[Dataset items]
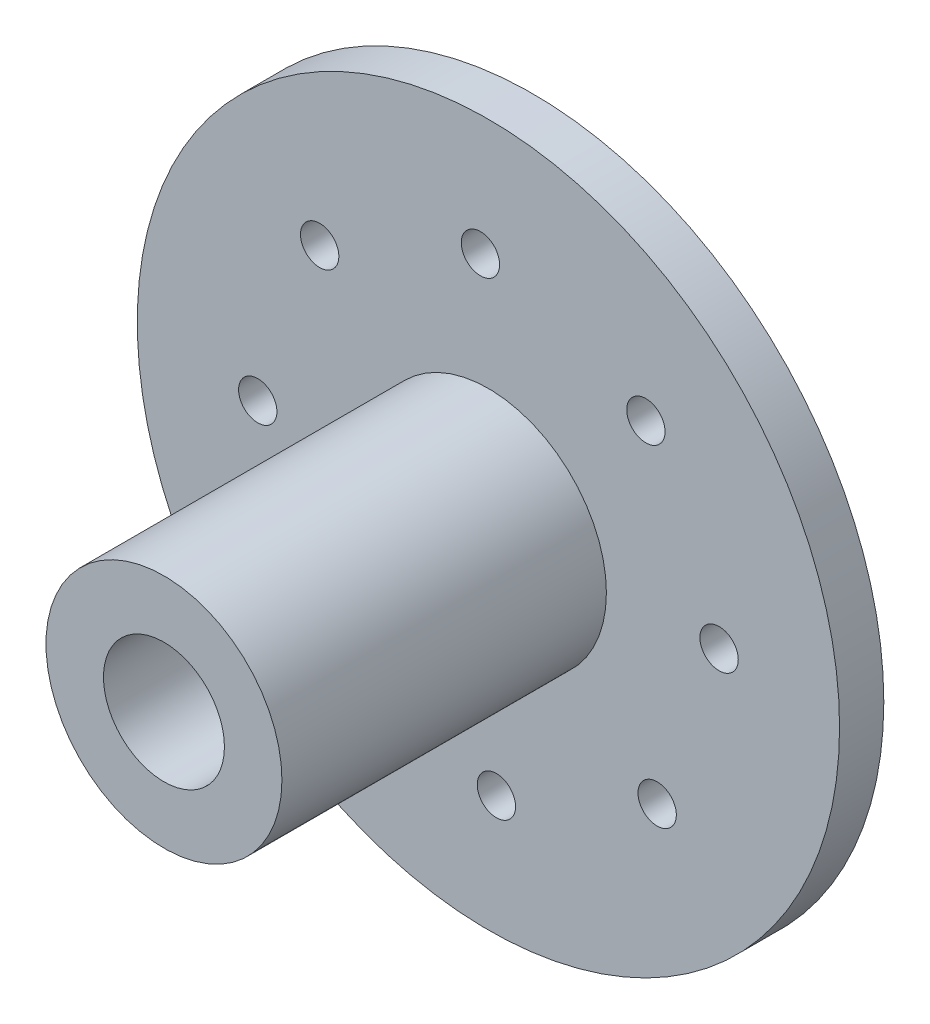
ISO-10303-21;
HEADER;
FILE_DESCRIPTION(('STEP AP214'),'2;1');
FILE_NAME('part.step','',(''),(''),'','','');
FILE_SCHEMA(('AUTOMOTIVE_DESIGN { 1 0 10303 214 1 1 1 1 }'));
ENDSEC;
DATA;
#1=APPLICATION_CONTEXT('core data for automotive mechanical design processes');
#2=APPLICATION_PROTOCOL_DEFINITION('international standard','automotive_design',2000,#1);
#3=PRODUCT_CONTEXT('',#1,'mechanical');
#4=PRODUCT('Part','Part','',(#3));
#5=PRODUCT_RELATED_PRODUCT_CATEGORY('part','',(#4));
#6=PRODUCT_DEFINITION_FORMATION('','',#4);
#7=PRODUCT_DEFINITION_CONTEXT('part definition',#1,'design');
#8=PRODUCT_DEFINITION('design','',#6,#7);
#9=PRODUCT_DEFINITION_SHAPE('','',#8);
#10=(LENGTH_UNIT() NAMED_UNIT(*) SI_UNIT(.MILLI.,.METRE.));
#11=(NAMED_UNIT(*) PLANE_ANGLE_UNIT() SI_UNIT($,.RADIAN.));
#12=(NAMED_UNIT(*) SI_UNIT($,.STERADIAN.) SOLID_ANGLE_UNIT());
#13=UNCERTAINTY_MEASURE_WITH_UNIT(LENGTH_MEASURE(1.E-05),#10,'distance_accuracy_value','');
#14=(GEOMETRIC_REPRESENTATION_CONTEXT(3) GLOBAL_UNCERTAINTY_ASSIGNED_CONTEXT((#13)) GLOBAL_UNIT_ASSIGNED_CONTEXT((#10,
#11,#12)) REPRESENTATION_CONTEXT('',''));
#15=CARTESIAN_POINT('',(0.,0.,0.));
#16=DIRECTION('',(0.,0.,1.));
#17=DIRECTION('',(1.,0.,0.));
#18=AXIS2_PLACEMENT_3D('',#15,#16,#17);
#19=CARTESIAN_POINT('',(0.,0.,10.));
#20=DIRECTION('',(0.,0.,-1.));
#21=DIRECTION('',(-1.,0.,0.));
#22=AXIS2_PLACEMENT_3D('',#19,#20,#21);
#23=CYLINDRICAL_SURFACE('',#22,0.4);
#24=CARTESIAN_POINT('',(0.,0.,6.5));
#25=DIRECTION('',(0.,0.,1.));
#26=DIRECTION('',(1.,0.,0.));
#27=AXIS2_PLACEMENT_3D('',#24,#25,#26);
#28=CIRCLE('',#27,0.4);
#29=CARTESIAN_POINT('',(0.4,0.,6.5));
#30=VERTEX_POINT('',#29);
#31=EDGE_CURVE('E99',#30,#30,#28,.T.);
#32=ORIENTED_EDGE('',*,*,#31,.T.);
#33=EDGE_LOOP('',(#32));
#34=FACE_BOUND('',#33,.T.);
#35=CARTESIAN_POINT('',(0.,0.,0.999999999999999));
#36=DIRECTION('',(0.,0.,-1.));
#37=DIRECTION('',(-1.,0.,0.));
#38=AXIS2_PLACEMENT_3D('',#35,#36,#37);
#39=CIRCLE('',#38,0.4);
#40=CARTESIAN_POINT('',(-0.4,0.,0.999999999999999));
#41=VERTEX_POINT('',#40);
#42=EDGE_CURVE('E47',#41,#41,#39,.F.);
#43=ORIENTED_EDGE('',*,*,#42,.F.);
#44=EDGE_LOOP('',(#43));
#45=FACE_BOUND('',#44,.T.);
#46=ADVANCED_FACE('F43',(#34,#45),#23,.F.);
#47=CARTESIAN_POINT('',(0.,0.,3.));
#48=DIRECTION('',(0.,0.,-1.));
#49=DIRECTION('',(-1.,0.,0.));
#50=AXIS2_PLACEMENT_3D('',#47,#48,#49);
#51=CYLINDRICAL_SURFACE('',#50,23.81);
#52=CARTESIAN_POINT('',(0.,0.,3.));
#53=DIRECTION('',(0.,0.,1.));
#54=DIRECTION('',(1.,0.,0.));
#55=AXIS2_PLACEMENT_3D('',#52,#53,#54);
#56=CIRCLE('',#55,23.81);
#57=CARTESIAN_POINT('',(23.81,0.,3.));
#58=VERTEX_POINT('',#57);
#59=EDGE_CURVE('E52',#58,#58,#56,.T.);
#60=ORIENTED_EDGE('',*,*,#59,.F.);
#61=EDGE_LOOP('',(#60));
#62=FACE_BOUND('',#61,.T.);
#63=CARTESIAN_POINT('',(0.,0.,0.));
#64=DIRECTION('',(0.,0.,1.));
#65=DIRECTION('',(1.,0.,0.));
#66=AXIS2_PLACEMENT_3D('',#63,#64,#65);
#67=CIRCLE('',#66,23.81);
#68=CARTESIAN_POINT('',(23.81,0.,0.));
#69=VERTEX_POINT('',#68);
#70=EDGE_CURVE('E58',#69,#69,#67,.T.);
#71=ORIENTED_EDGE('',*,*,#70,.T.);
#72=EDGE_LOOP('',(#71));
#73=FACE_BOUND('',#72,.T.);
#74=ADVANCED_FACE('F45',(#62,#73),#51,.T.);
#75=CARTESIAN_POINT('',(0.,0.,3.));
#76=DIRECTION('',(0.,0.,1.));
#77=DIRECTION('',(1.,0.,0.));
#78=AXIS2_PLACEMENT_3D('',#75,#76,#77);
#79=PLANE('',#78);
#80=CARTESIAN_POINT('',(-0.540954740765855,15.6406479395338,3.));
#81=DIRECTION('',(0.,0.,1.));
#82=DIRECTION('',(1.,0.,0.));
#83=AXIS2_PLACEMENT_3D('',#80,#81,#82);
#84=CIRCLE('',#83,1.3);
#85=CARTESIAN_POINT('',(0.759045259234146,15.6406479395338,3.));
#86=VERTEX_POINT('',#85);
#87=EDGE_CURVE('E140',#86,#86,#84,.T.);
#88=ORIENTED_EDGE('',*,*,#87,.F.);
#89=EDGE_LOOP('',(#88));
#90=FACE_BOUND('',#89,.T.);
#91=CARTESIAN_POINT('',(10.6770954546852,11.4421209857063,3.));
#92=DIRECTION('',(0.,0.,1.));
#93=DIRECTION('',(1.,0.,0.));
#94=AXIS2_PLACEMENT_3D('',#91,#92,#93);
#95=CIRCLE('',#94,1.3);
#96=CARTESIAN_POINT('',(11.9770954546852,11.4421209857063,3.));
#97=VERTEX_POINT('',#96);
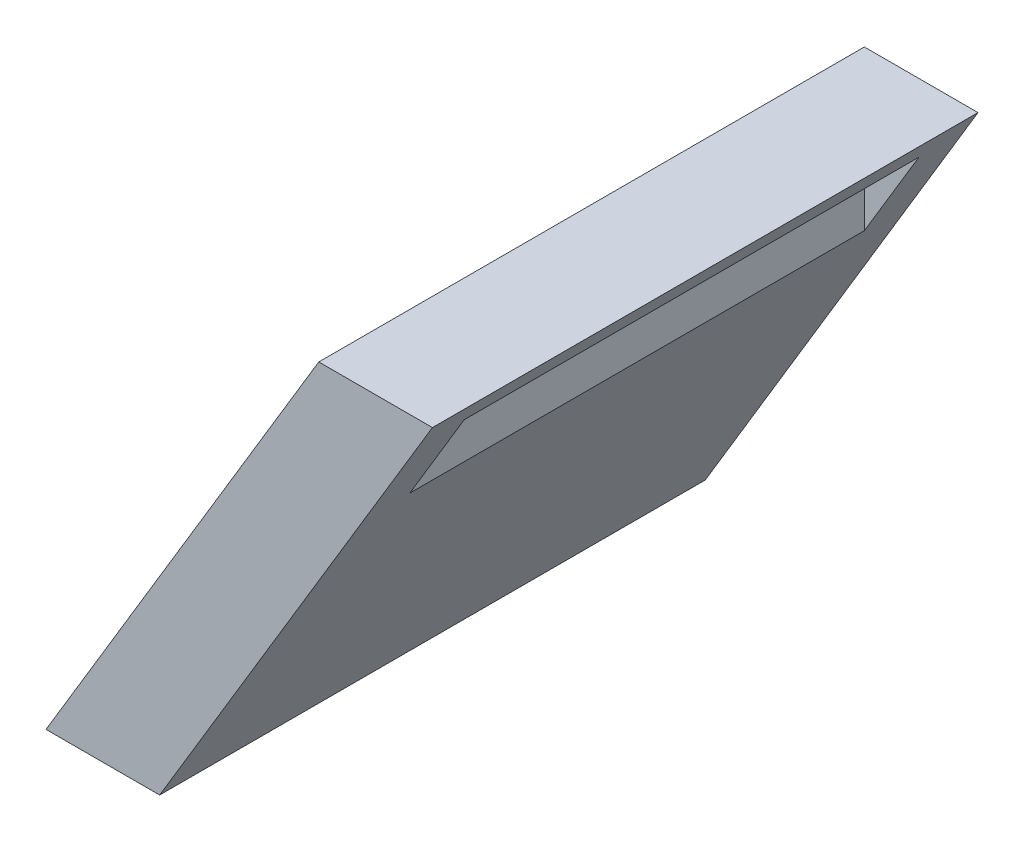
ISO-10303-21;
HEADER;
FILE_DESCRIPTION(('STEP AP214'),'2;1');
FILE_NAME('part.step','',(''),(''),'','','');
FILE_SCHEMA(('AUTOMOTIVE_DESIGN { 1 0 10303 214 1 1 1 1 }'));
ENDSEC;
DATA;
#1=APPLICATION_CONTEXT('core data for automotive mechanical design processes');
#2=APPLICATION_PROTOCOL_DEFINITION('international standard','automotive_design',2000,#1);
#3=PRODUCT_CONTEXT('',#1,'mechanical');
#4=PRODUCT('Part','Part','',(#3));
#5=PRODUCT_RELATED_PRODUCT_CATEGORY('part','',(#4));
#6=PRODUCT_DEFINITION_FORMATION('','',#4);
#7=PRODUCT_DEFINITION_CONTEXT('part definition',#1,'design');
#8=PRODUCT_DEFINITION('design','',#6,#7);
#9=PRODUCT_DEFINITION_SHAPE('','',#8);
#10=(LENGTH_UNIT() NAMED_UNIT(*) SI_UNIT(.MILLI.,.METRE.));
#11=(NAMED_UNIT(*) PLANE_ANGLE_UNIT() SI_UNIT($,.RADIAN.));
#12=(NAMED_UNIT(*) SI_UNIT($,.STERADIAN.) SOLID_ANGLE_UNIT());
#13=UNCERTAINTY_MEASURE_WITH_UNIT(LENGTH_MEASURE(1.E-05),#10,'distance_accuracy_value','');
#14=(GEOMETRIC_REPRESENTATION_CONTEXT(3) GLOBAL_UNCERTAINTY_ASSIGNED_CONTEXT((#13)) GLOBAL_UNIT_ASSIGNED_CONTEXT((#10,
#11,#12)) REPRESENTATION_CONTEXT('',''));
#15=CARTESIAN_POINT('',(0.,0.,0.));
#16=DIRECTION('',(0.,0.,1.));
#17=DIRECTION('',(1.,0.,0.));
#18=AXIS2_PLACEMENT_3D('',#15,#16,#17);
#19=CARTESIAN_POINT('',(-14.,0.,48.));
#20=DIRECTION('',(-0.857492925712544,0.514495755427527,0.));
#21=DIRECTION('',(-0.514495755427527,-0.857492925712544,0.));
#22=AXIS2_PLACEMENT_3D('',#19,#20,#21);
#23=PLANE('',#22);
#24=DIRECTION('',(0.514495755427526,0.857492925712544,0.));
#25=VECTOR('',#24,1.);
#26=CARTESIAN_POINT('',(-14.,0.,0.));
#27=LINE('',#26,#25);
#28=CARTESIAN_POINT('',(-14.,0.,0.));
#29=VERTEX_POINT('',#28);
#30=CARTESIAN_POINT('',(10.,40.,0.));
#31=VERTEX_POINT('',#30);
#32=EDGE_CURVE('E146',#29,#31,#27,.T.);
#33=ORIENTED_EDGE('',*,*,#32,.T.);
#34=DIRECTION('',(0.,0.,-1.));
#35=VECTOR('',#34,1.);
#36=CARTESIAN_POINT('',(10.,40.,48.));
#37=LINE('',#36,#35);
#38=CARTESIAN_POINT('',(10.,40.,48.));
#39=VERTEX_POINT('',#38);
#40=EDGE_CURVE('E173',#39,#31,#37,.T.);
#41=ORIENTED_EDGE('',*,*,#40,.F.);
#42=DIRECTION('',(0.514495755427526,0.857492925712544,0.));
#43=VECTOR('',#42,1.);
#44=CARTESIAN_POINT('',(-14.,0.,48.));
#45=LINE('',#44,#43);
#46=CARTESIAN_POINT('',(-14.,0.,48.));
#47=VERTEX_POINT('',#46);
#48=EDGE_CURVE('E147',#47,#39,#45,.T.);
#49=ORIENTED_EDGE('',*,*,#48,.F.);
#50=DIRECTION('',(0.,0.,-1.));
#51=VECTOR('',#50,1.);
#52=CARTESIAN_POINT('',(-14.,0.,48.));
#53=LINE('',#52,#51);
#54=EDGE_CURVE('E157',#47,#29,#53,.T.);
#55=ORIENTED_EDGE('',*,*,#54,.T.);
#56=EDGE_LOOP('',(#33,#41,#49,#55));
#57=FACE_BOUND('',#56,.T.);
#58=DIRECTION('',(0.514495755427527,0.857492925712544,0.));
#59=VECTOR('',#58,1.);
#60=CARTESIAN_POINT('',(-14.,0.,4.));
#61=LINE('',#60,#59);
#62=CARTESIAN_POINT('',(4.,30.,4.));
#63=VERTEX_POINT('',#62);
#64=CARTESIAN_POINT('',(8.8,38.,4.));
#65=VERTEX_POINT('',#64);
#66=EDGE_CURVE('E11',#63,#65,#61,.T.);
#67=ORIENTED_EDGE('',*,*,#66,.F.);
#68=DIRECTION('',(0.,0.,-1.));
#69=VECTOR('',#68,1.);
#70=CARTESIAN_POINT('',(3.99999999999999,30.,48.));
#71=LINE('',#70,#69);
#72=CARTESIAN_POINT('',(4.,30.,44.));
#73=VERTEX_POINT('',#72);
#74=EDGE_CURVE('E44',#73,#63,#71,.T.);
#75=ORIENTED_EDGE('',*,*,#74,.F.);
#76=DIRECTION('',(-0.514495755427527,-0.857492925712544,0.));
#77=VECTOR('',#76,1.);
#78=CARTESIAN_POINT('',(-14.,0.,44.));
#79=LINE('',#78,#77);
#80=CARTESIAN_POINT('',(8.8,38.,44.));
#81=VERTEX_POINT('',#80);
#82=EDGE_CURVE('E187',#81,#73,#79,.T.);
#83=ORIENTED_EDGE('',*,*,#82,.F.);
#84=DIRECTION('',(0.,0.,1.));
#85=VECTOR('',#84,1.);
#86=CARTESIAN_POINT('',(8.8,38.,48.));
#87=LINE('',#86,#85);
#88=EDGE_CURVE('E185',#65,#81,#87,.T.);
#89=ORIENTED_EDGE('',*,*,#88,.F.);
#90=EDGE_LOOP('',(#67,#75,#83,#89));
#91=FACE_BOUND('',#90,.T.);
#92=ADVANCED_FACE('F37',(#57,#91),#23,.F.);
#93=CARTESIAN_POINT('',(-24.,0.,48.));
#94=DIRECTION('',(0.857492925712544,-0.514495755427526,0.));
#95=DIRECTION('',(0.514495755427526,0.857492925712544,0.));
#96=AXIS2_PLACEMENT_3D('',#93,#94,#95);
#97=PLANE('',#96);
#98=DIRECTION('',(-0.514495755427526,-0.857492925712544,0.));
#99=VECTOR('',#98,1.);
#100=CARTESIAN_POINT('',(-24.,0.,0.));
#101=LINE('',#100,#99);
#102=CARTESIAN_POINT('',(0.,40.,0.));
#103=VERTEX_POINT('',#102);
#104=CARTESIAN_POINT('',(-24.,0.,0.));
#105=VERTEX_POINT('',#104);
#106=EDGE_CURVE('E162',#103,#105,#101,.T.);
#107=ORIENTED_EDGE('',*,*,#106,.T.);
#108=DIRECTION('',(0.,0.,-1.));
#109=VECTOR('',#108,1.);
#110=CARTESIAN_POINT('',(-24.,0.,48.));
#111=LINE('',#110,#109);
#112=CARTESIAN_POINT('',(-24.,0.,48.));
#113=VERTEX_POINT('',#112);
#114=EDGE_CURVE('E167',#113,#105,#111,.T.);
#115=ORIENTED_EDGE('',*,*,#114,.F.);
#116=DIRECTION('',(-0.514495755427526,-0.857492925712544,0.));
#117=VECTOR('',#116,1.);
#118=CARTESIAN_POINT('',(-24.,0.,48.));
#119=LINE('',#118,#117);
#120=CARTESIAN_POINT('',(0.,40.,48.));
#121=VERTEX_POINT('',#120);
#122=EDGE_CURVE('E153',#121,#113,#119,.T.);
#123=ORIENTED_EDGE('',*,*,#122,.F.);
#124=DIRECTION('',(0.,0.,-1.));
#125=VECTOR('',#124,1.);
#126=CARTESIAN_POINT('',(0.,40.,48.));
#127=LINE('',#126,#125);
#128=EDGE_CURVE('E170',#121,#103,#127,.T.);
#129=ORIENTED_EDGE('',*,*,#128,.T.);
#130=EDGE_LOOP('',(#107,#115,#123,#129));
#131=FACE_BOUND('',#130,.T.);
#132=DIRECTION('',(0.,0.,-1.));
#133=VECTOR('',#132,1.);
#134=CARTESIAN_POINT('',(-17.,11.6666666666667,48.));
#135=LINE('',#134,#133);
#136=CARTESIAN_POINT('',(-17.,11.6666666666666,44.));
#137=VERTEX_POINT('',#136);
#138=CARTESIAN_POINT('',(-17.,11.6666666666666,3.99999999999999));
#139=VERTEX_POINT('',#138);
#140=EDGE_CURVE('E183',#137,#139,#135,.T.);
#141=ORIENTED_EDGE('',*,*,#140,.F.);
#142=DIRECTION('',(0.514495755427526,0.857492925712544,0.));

*About this exercise:*
Starting at the line above that contains "#48=DIRECTION('',(0.,0.,-1.));", write out each line exactly until the line that contains "#74=ADVANCED_FACE('F45',(#62,#73),#51,.T.);" has been written, and stop there.

*Answer space:*
#48=DIRECTION('',(0.,0.,-1.));
#49=DIRECTION('',(-1.,0.,0.));
#50=AXIS2_PLACEMENT_3D('',#47,#48,#49);
#51=CYLINDRICAL_SURFACE('',#50,23.81);
#52=CARTESIAN_POINT('',(0.,0.,3.));
#53=DIRECTION('',(0.,0.,1.));
#54=DIRECTION('',(1.,0.,0.));
#55=AXIS2_PLACEMENT_3D('',#52,#53,#54);
#56=CIRCLE('',#55,23.81);
#57=CARTESIAN_POINT('',(23.81,0.,3.));
#58=VERTEX_POINT('',#57);
#59=EDGE_CURVE('E52',#58,#58,#56,.T.);
#60=ORIENTED_EDGE('',*,*,#59,.F.);
#61=EDGE_LOOP('',(#60));
#62=FACE_BOUND('',#61,.T.);
#63=CARTESIAN_POINT('',(0.,0.,0.));
#64=DIRECTION('',(0.,0.,1.));
#65=DIRECTION('',(1.,0.,0.));
#66=AXIS2_PLACEMENT_3D('',#63,#64,#65);
#67=CIRCLE('',#66,23.81);
#68=CARTESIAN_POINT('',(23.81,0.,0.));
#69=VERTEX_POINT('',#68);
#70=EDGE_CURVE('E58',#69,#69,#67,.T.);
#71=ORIENTED_EDGE('',*,*,#70,.T.);
#72=EDGE_LOOP('',(#71));
#73=FACE_BOUND('',#72,.T.);
#74=ADVANCED_FACE('F45',(#62,#73),#51,.T.);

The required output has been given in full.